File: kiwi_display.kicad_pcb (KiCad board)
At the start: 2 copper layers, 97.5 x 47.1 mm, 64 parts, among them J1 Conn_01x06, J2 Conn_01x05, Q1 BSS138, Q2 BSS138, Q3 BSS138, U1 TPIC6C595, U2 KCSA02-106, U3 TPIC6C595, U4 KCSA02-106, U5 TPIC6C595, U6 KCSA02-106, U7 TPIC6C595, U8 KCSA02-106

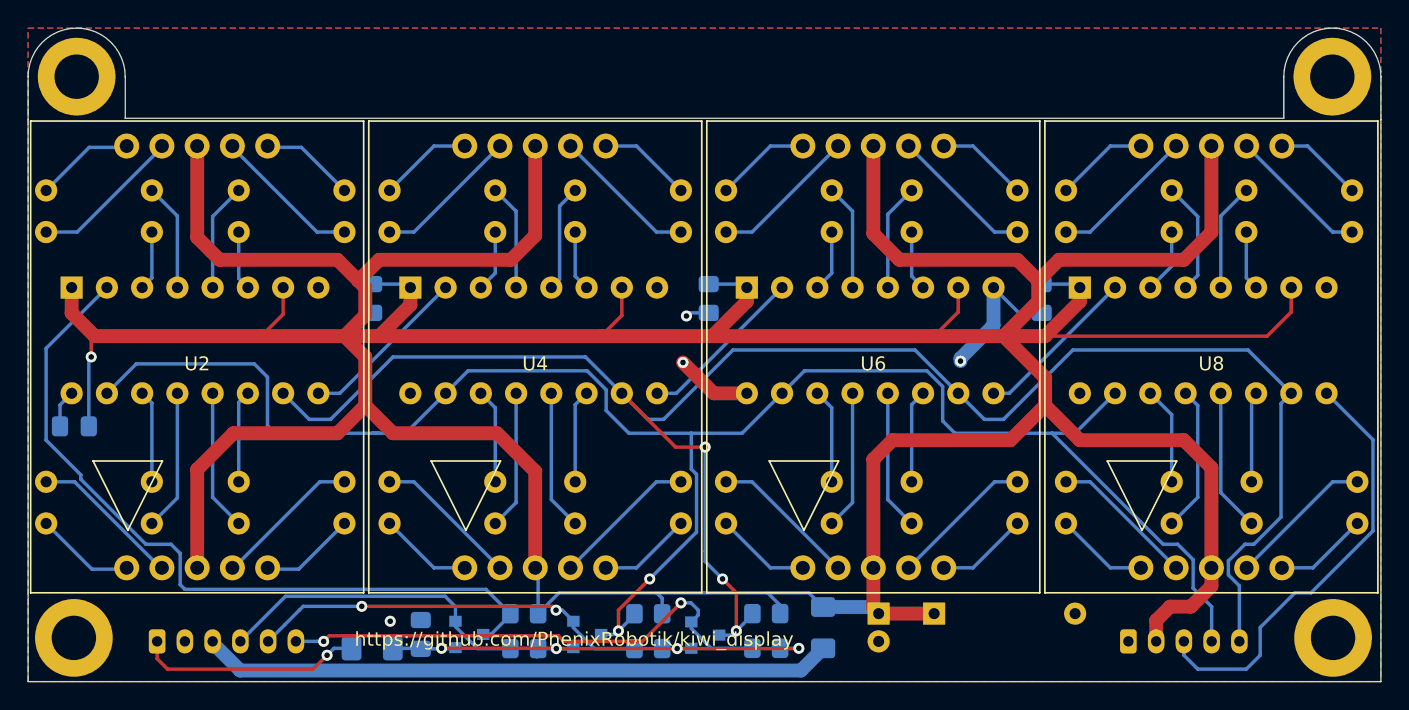
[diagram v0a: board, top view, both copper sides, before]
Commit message: with cms resistors
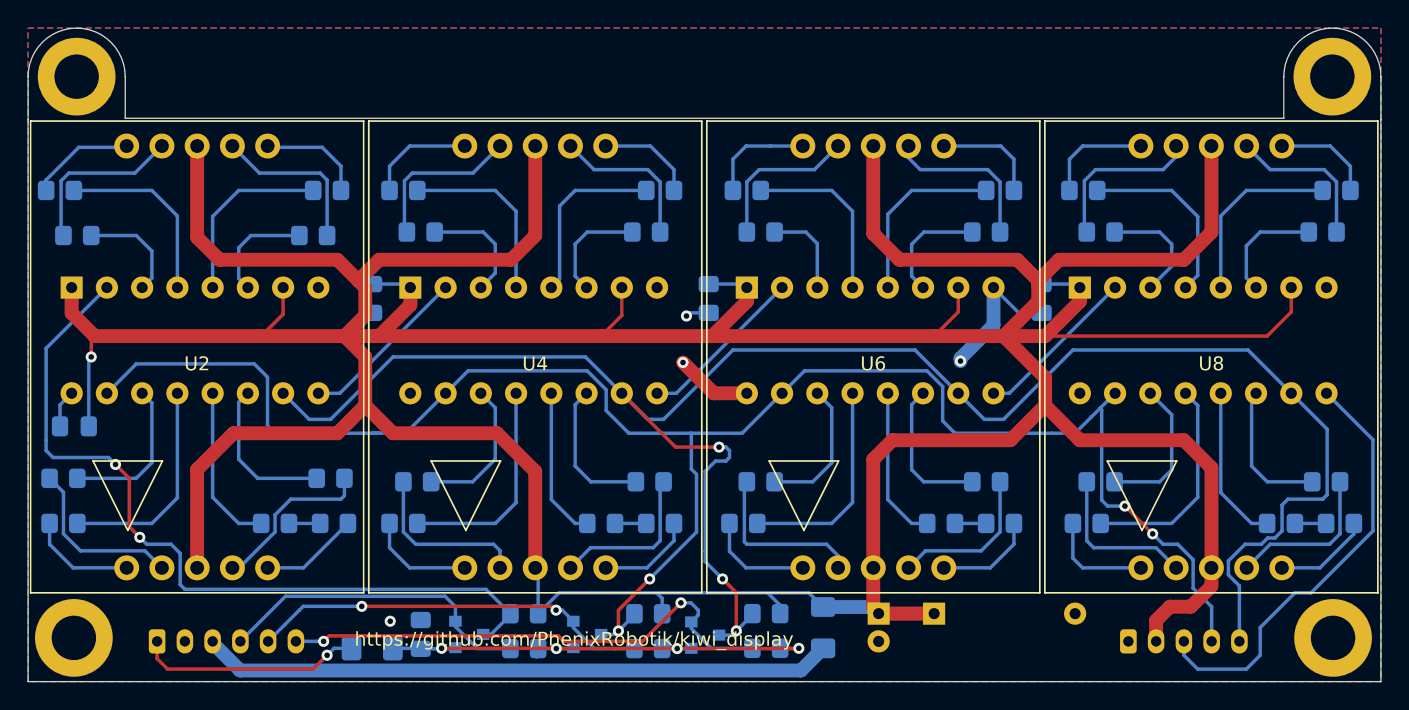
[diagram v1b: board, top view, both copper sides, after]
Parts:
- added R39: 120R, Resistor_SMD:R_0805_2012Metric_Pad1.20x1.40mm_HandSolder, B.Cu at (104.5, 66.0)
- added R40: 120R, Resistor_SMD:R_0805_2012Metric_Pad1.20x1.40mm_HandSolder, B.Cu at (128.0, 66.0)
- added R41: 120R, Resistor_SMD:R_0805_2012Metric_Pad1.20x1.40mm_HandSolder, B.Cu at (152.5, 66.0)
- added R42: 120R, Resistor_SMD:R_0805_2012Metric_Pad1.20x1.40mm_HandSolder, B.Cu at (177.0, 66.0)
- R1, R10, R11, R12, R13, R14, R15, R16, R17, R18, R19, R2, R20, R21, R22, R23, R24, R25, R26, R27, R28, R29, R3, R30, R31, R32, R4, R5, R6, R7, R8, R9: value R -> 120R; footprint Resistor_THT:R_Axial_DIN0207_L6.3mm_D2.5mm_P7.62mm_Horizontal -> Resistor_SMD:R_0805_2012Metric_Pad1.20x1.40mm_HandSolder
- moved R22 2.50 mm to (139.5, 63.0)
- moved R23 2.50 mm to (139.5, 45.0)
- moved R30 2.50 mm to (164.0, 63.0)
- moved R31 2.50 mm to (164.0, 45.0)
- moved R9 2.50 mm to (131.2, 45.0)
- moved R1 2.26 mm to (107.2, 45.2)
- moved R7 2.26 mm to (90.2, 45.2)
- moved R10 2.25 mm to (131.5, 63.0)
- moved R15 2.25 mm to (115.0, 45.0)
- moved R17 2.25 mm to (155.8, 45.0)
- moved R18 2.25 mm to (155.8, 63.0)
- moved R26 2.25 mm to (180.2, 63.0)
- moved R25 2.12 mm to (180.0, 45.0)
- moved R14 2.00 mm to (114.8, 63.0)
- moved R13 1.50 mm to (132.2, 42.0)
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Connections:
- R8 pad 2: Net-(R8-Pad2) -> Net-(R39-Pad1)
- U1 pad 12: Net-(R8-Pad2) -> Net-(R39-Pad2)
- U3 pad 12: Net-(R16-Pad2) -> Net-(R40-Pad2)
- U5 pad 12: Net-(R24-Pad2) -> Net-(R41-Pad2)
- U7 pad 12: Net-(R32-Pad2) -> Net-(R42-Pad2)
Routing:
- net Net-(R39-Pad2): track 0.00 -> 11.8 mm
- net Net-(R42-Pad2): track 0.00 -> 11.4 mm
- net Net-(R41-Pad2): track 0.00 -> 11.2 mm
- net Net-(R40-Pad2): track 0.00 -> 11.0 mm
- net Net-(R8-Pad2): track 10.2 -> 0.00 mm
- net Net-(R32-Pad2): track 10.3 -> 2.25 mm
- net Net-(R24-Pad2): track 10.1 -> 2.25 mm
- net Net-(R16-Pad2): track 10.1 -> 2.25 mm
- net /sheet6191A868/high: track 130.5 -> 137.5 mm
- net Net-(R4-Pad2): track 7.76 -> 13.4 mm
- net Net-(R11-Pad2): track 10.0 -> 15.6 mm
- net Net-(R12-Pad2): track 7.62 -> 13.2 mm
- net Net-(R29-Pad2): track 7.76 -> 13.3 mm
- net Net-(R5-Pad2): track 7.78 -> 13.1 mm
- net Net-(R3-Pad2): track 10.1 -> 15.5 mm
#####
» **WORK INSTRUCTION**
Could you set down the data exactly as given, minus its pictures?

» **OUTPUT OF THE TASK**
File: kiwi_display.kicad_pcb (KiCad board)
At the start: 2 copper layers, 97.5 x 47.1 mm, 64 parts, among them J1 Conn_01x06, J2 Conn_01x05, Q1 BSS138, Q2 BSS138, Q3 BSS138, U1 TPIC6C595, U2 KCSA02-106, U3 TPIC6C595, U4 KCSA02-106, U5 TPIC6C595, U6 KCSA02-106, U7 TPIC6C595, U8 KCSA02-106

[diagram v0a: board, top view, both copper sides, before]
Commit message: with cms resistors
[diagram v1b: board, top view, both copper sides, after]
Parts:
- added R39: 120R, Resistor_SMD:R_0805_2012Metric_Pad1.20x1.40mm_HandSolder, B.Cu at (104.5, 66.0)
- added R40: 120R, Resistor_SMD:R_0805_2012Metric_Pad1.20x1.40mm_HandSolder, B.Cu at (128.0, 66.0)
- added R41: 120R, Resistor_SMD:R_0805_2012Metric_Pad1.20x1.40mm_HandSolder, B.Cu at (152.5, 66.0)
- added R42: 120R, Resistor_SMD:R_0805_2012Metric_Pad1.20x1.40mm_HandSolder, B.Cu at (177.0, 66.0)
- R1, R10, R11, R12, R13, R14, R15, R16, R17, R18, R19, R2, R20, R21, R22, R23, R24, R25, R26, R27, R28, R29, R3, R30, R31, R32, R4, R5, R6, R7, R8, R9: value R -> 120R; footprint Resistor_THT:R_Axial_DIN0207_L6.3mm_D2.5mm_P7.62mm_Horizontal -> Resistor_SMD:R_0805_2012Metric_Pad1.20x1.40mm_HandSolder
- moved R22 2.50 mm to (139.5, 63.0)
- moved R23 2.50 mm to (139.5, 45.0)
- moved R30 2.50 mm to (164.0, 63.0)
- moved R31 2.50 mm to (164.0, 45.0)
- moved R9 2.50 mm to (131.2, 45.0)
- moved R1 2.26 mm to (107.2, 45.2)
- moved R7 2.26 mm to (90.2, 45.2)
- moved R10 2.25 mm to (131.5, 63.0)
- moved R15 2.25 mm to (115.0, 45.0)
- moved R17 2.25 mm to (155.8, 45.0)
- moved R18 2.25 mm to (155.8, 63.0)
- moved R26 2.25 mm to (180.2, 63.0)
- moved R25 2.12 mm to (180.0, 45.0)
- moved R14 2.00 mm to (114.8, 63.0)
- moved R13 1.50 mm to (132.2, 42.0)
Connections:
- R8 pad 2: Net-(R8-Pad2) -> Net-(R39-Pad1)
- U1 pad 12: Net-(R8-Pad2) -> Net-(R39-Pad2)
- U3 pad 12: Net-(R16-Pad2) -> Net-(R40-Pad2)
- U5 pad 12: Net-(R24-Pad2) -> Net-(R41-Pad2)
- U7 pad 12: Net-(R32-Pad2) -> Net-(R42-Pad2)
Routing:
- net Net-(R39-Pad2): track 0.00 -> 11.8 mm
- net Net-(R42-Pad2): track 0.00 -> 11.4 mm
- net Net-(R41-Pad2): track 0.00 -> 11.2 mm
- net Net-(R40-Pad2): track 0.00 -> 11.0 mm
- net Net-(R8-Pad2): track 10.2 -> 0.00 mm
- net Net-(R32-Pad2): track 10.3 -> 2.25 mm
- net Net-(R24-Pad2): track 10.1 -> 2.25 mm
- net Net-(R16-Pad2): track 10.1 -> 2.25 mm
- net /sheet6191A868/high: track 130.5 -> 137.5 mm
- net Net-(R4-Pad2): track 7.76 -> 13.4 mm
- net Net-(R11-Pad2): track 10.0 -> 15.6 mm
- net Net-(R12-Pad2): track 7.62 -> 13.2 mm
- net Net-(R29-Pad2): track 7.76 -> 13.3 mm
- net Net-(R5-Pad2): track 7.78 -> 13.1 mm
- net Net-(R3-Pad2): track 10.1 -> 15.5 mm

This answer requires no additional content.